A veces... el cielo no se hace esperar

Por José Ramón Díaz-Torremocha

(Conferencia de San Vicente de Paúl de Marchamalo)

 

 

Sí, a veces, a veces hay consocios que como se dice vulgarmente, te “ponen los pelos de punta” con sus aseveraciones. Mi amigo y consocio Jacinto, también espero que ya amigo de tantos de los lectores de estos modestos artículos, es uno de ellos por la profundidad frecuente de sus pensamientos, que nos hacen pensar si no estamos ante un Teólogo de altura, al que no llegamos.  Más de una vez, alguno ha salido corriendo al confesionario por si lo que había escuchado, era pecado. ¡Sin exagerar! 

En una ocasión, pero no la única, sin ninguna pretensión teológica, más bien disculpándose por el revuelo que armó en la Conferencia, contaba muy campanudo sobre lo que esperaba de sus “experiencias” para cuando llegara a gozar de la Presencia. Evidentemente no se refería a cualquier presencia. Se refería a la Presencia en mayúsculas. Es decir, se refería cuando, al instante de su muerte, pasara a la presencia de la Presencia sin intermedio alguno. Vamos, no ya sin infierno, también sin Purgatorio. Se quedó tan pancho. No así sus consocios que, con prudencia, trataban de rebatir lo que entendían como excesivo optimismo y le hablaban de la necesaria purificación de sus pecados, salvo que no los tuviera. Le decían con un punto de guasa. 

Cariacontecido, pero no por ello menos peleón, como lo es y mucho el amigo Jacinto, mientras su inocente amigo Roberto le miraba embobado[i], comenzó haciendo profesión de fe de sus múltiples pecados que, para los que le conocemos, no creemos que sean tan graves, en alguien siempre volcado en los demás. Pero es verdad que eso sólo lo sabe el Buen Dios y el amigo Jacinto aseguraba que merecían la más “dura condena”. Pero que eso era examinar sus postrimerías con ojos de hombre y no de Dios. Si había, seguía diciendo y enseñando Jacinto, un atributo de la Divinidad que no podía estar en duda, era la Misericordia. ¿Cómo a él que, con todas sus limitaciones, sus miserias, había intentado seguirle, le iba a impedir que lo viera y que se “recostase junto a Él”? 

Ya lo creo, seguía él diciendo en su credo particular de persona buena, que algún capón ha de darme ya que lo merezco. Pero cada vez que leo a Lucas (15) y me encuentro con la perícopa del pasaje del Padre recibiendo al Hijo Pródigo, pienso que si él perdonó, el Buen Dios me perdonará a mí y me pondrá el mejor vestido y el mejor anillo, pues yo también llegaré arrepentido ante el Señor de la Esperanza y la Misericordia. No habrá queja de ningún otro hijo por el trato que reciba, pues los que ya han llegado a la Comunión de los Santos, estarán felices de recibirme, terminó asegurando Jacinto. 
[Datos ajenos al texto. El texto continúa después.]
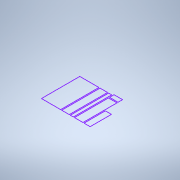
# Autodesk Inventor part: soiya
Saved by Autodesk Inventor 2022 (Build 260153000, 153)
## iProperties
Created: 2023-01-17
Part Number: soiya
Material: 一般
Document SubType Name: Modeling
Designer: tdn82
Density: 1 g/cm^3
Appearance: 既定
Author: tdn82
Autodesk Inventor part; units mm, degrees
ref_plane "YZ Plane" through (0, 0, 0) normal (1, 0, 0) x (0, 1, 0)
ref_plane "XZ Plane" through (0, 0, 0) normal (0, 1, 0) x (-1, 0, 0)
ref_plane "XY Plane" through (0, 0, 0) normal (0, 0, 1) x (1, 0, 0)
sketch "スケッチ1" plane through (0, 0, 0) normal (0, 1, 0) x (-1, 0, 0)
  line L0 (0, 0) -> (-500, 0)
  line L1 (-500, 0) -> (-500, -500)
  line L2 (-500, -500) -> (0, -500)
  line L3 (0, -500) -> (0, 0)
  dimension "d0" = 500
  dimension "d1" = 500
  constraints: 8 end point, 2 parallel, 1 horizontal, 1 perpendicular
  measures "d0" distance of L2.end L0.start
  measures "d1" distance of L0.start L0.end
extrude "押し出し1" add sketch "スケッチ1" along normal blind 2
sketch "スケッチ2" plane through (0, 2, 0) normal (0, 1, 0) x (1, 0, 0)
  line L0 (0, 0) -> (180, 0)
  line L1 (180, 0) -> (180, 360)
  line L2 (180, 360) -> (0, 360)
  line L3 (0, 360) -> (0, 0)
  line L4 (190, 0) -> (261, 0)
  line L5 (261, 0) -> (261, 360)
  line L6 (261, 360) -> (190, 360)
  line L7 (190, 360) -> (190, 0)
  line L8 (271, 0) -> (300, 0)
  line L9 (300, 0) -> (300, 360)
  line L10 (300, 360) -> (271, 360)
  line L11 (271, 360) -> (271, 0)
  line L12 (310, 0) -> (390, 0)
  line L13 (390, 0) -> (390, 319.5)
  line L14 (390, 319.5) -> (310, 319.5)
  line L15 (310, 319.5) -> (310, 0)
  line L16 (310, 329.5) -> (390, 329.5)
  line L17 (390, 329.5) -> (390, 372)
  line L18 (390, 372) -> (310, 372)
  line L19 (310, 372) -> (310, 329.5)
  line L20 (400, 0) -> (457.5, 0)
  line L21 (457.5, 0) -> (457.5, 200)
  line L22 (457.5, 200) -> (400, 200)
  line L23 (400, 200) -> (400, 0)
  dimension "d4" = 360
  dimension "d5" = 180
  dimension "d6" = 71
  dimension "d7" = 10
  dimension "d8" = 29
  dimension "d9" = 10
  dimension "d10" = 319.5
  dimension "d11" = 80
  dimension "d12" = 10
  dimension "d13" = 42.5
  dimension "d14" = 10
  dimension "d16" = 57.5
  dimension "d17" = 10
  constraints: 48 end point, 12 parallel, 6 horizontal, 6 perpendicular
  measures "d4" distance of L0.end L1.end
  measures "d5" distance of L1.end L2.end
  measures "d6" distance of L5.end L6.end
  measures "d7" distance between parallel lines of L7 L1
  measures "d8" distance between parallel lines of L9 L11
  measures "d9" distance between parallel lines of L11 L5
  measures "d10" distance of L14.end L12.start
  measures "d11" distance of L13.end L14.end
  measures "d12" distance between parallel lines of L15 L9
  measures "d13" distance of L18.end L16.start
  measures "d14" distance between parallel lines of L14 L16
  measures "d16" distance of L21.end L22.end
  measures "d17" distance between parallel lines of L23 L13

Pero claro, decía como para sí mismo: algún cachete he de llevarme pues no siempre he sido capaz de responder con amor al Amor. Aunque, se argumentaba también para sí recordando la pregunta de Cristo a una entristecida Marta: “Jesús le contestó: Yo soy la resurrección y la vida; el que cree en mí, aunque muera, vivirá y todo el que vive y cree en mí, no morirá jamás. ¿Crees esto?” (Juan 11, 25-26) y yo creo, se afirmaba Jacinto rotundo. 

El amigo sacerdote que participaba en la Conferencia, le dijo: Jacinto, hemos de hablar tú y yo muy en serio. 

Jacinto, por toda contestación dijo: si le parece, hablamos delante de la Madre en la Capilla de la Inmaculada. Siempre recurría Jacinto a María. 

El inocente Roberto, al suponer un poco triste a su amigo, le dio un par de palmadas en el hombro, para pasar después a dar palmas pura y simplemente, mientras el Presidente de la Conferencia, le hacía señas para que no fuera tan ruidoso. 

A mí, Jacinto, me traía siempre a la memoria, el siguiente párrafo de Aldo Marchesini en su libro “Siéntate corazón mío, Aventuras de contemplación”: “No había estudiado teología espiritual ni sagrada escritura, pero todos los días de su vida, en cuanto podía recordar, había pedido el don de la sabiduría, que hace comprender y gustar las cosas de Dios sin necesidad de palabras". Seguro que Jacinto imploraba también en ese sentido: el del mayor conocimiento y crecimiento espiritual.

 

 

[i] Roberto, era un amigo muy especial de toda la Conferencia de Jacinto, pero especialmente de éste que iba casi todos los días a visitarlo en la Casa de Misericordia en donde le tenían a su cuidado unas buenas Hermanas.